Muito se tem falado sobre SPED, o novo Sistema Publico de Escrituração Digital que ja entrou em vigor para algumas empresas em 2008 e que em 2009 atingirá boa parte das Empresas tributadas pelo Lucro Real.
O que poucos sabem é que o SPED começou a ser desenvolvido no Governo Fernando Henrique com a edição da Lei 9989/00 - Plano Plurianual que contemplava o Programa de modernização das Administrações Tributárias e Aduaneiras.
Desde então, uma série de Leis, Portarias e Convênios vem sendo editadas pelas Administrações Estaduais e Federais visando dar suporte as alterações necessárias para que o SPED vigore de fato. O Governo Federal já liberou em torno de R$ 300 milhões para que os Estados se modernizem a se preparem para a nova realidade, além de adquirido o Supercomputador apelidado de TRex no valor de Us$ 100 milhões.
Mas e para as Empresas, o que de fato impacta?
Na primeira fase, o SPED Fiscal substituirá os Livros de Registros de Entrada e Saídas, Livros de Apuração de ICMS e IPI, além do Livro de Inventário. Já o SPED Contábil substituirá os Livros Contábeis Razão e Diário.
Já este ano, aproximadamente 12.000 Empresas tributadas pelo Lucro Real estão obrigadas a entregar o SPED Contábil em Junho de 2009 com dados da Contabilidade de 2008. No próximo ano estarão obrigadas também ao SPED Fiscal já a partir de Janeiro. É bom lembrar que em 2009 as demais Empresas tributadas pelo Lucro Real estarão Obrigadas ao SPED Contábil e Fiscal.
Apesar do cunho Fiscal e Contábil, o Primeiro paradigma que deve-se quebrar é que o SPED não é um projeto restrito das áreas fiscal e de TI das Empresas, é na verdade um Projeto Corporativo. Isto porque, na implementação de um projeto SPED várias áreas, processos e sistemas de informação das Empresas devem ser revistos ou ate mesmo criados, objetivando-se disponibilizar para o sistema fiscal as informações requeridas pela nova legislação do SPED.
A titulo de informação, quando falamos das IN´s 86 e 89, estamos tratando de um conjunto de aproximadamente 400 informações, quando falamos de SPED este numero pode chegar a 1650 na fase 1 SPEDs Fiscal e Contábil, e um conjunto maior a ser definido na Fase 2 prevista para Agosto de 2008 quando serão definidos os Leiautes dos Livros de Produção, Ativo Fixo, Prestação e Serviços e o E-Lalur.
Para algumas empresas, o impacto é tão significativo que alem de rever processos, algumas terão que se reinventar. Alguém pode imaginar uma Empresa de armazenamento de Documentos Fiscais e Livros Contábeis daqui a 5 anos ?. Outras necessitarão de atualizar seus ERPs, senão não reimplanta-los.
Para outras Empresas, é uma oportunidade de rever processos e sistemas para que tragam maior dinamismo as operações, com reduções de custo e risco.
É importante esse destaque de que o SPED também trás oportunidades de melhoria de processos , reduções de custo ( papel, impressão, armazenamento e automatização de processos hoje feitos manualmente) , além unificação de dados da Empresas permitindo uma melhor Gestão da Informação.

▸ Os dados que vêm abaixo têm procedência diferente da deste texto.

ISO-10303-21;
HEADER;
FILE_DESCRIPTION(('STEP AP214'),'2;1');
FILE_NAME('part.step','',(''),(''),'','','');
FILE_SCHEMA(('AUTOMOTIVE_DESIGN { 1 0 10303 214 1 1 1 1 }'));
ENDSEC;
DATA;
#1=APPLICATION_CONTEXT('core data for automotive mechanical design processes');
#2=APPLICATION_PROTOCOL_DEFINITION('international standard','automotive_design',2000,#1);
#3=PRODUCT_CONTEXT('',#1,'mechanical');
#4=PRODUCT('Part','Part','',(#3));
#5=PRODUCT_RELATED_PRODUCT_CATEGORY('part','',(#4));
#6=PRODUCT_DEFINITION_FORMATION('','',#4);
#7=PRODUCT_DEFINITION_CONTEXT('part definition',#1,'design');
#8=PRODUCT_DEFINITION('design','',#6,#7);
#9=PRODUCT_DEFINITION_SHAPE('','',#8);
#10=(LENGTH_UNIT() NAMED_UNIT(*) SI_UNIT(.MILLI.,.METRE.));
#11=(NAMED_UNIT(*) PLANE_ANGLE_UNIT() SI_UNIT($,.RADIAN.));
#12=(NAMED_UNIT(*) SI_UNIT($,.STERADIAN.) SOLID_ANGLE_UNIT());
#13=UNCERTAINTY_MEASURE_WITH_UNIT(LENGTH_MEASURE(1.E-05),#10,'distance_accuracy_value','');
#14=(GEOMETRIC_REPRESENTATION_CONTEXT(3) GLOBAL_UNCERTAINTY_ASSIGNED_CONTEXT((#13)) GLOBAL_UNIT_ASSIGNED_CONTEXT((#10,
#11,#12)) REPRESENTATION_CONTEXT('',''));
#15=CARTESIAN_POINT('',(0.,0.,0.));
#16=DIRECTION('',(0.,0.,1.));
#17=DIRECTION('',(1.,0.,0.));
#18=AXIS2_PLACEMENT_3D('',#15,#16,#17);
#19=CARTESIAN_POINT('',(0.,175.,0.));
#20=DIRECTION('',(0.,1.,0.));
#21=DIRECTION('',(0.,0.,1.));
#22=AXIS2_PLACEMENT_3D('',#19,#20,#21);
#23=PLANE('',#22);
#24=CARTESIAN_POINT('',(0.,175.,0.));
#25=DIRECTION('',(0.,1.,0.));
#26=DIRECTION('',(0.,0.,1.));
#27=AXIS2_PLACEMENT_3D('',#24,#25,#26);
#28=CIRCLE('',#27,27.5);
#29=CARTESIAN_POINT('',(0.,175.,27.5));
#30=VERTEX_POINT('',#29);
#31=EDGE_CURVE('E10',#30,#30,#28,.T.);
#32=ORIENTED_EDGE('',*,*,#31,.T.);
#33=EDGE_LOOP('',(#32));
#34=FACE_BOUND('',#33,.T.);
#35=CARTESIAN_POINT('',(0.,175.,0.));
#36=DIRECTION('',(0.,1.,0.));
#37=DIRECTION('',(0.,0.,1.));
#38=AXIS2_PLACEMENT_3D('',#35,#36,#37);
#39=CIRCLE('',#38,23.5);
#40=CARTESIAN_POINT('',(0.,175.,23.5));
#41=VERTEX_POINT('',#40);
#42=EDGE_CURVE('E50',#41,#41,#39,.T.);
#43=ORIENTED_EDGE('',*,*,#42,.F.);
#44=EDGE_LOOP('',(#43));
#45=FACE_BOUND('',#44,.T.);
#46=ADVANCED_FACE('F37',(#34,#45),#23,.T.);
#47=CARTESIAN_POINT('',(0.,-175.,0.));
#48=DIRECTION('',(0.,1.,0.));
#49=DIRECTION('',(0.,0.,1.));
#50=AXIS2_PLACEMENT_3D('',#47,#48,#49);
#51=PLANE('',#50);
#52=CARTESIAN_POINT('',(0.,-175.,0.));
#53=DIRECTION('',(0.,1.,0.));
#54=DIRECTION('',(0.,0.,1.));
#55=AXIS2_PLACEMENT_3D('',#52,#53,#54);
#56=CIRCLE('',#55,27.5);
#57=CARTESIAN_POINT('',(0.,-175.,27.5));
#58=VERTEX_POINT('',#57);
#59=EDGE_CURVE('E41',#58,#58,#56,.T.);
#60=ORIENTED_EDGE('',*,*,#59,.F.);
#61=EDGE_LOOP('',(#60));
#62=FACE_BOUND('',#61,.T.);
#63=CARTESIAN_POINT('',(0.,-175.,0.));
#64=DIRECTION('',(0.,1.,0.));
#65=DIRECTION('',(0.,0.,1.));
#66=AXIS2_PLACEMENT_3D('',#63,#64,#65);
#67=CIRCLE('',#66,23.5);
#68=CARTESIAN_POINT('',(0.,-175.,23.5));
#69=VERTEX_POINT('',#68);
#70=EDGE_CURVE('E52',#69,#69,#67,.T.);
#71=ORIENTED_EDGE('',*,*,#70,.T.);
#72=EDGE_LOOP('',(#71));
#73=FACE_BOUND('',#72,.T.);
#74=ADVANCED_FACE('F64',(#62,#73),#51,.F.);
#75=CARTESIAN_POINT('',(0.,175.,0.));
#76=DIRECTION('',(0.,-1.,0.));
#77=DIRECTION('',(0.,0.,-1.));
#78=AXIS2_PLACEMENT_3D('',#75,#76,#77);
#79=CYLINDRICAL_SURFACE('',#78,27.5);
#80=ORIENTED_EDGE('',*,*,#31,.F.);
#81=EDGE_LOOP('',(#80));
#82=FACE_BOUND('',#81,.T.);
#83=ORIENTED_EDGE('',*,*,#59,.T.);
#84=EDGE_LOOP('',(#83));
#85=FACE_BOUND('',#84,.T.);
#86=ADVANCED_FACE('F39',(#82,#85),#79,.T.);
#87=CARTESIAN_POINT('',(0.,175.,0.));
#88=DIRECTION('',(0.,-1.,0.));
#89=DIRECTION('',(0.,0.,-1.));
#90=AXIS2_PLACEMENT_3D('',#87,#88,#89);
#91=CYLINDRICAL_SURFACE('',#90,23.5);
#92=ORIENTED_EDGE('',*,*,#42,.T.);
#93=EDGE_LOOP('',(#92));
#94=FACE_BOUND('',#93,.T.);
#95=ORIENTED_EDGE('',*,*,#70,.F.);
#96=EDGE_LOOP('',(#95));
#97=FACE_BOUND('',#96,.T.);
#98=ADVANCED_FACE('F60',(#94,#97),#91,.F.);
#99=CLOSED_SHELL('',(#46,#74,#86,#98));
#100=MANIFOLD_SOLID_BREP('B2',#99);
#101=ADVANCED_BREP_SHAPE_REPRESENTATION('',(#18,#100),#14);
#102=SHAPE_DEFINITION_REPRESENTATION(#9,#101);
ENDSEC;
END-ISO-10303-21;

Outro ponto importante que não deve ser esquecido no pós implantação e o treinamento e capacitação dos colaboradores nos novos processos, a atualização das Documentações de Processos para atendimentos da SOX e ISO´s.
O segundo semestre deste ano deverá ser de muito trabalho para as Empresas se adaptarem a nova legislação fiscal, por isso, seus Gestores devem estar atentos para não colocarem suas empresas em exposição fiscal no próximo ano por não entrega da nova obrigação.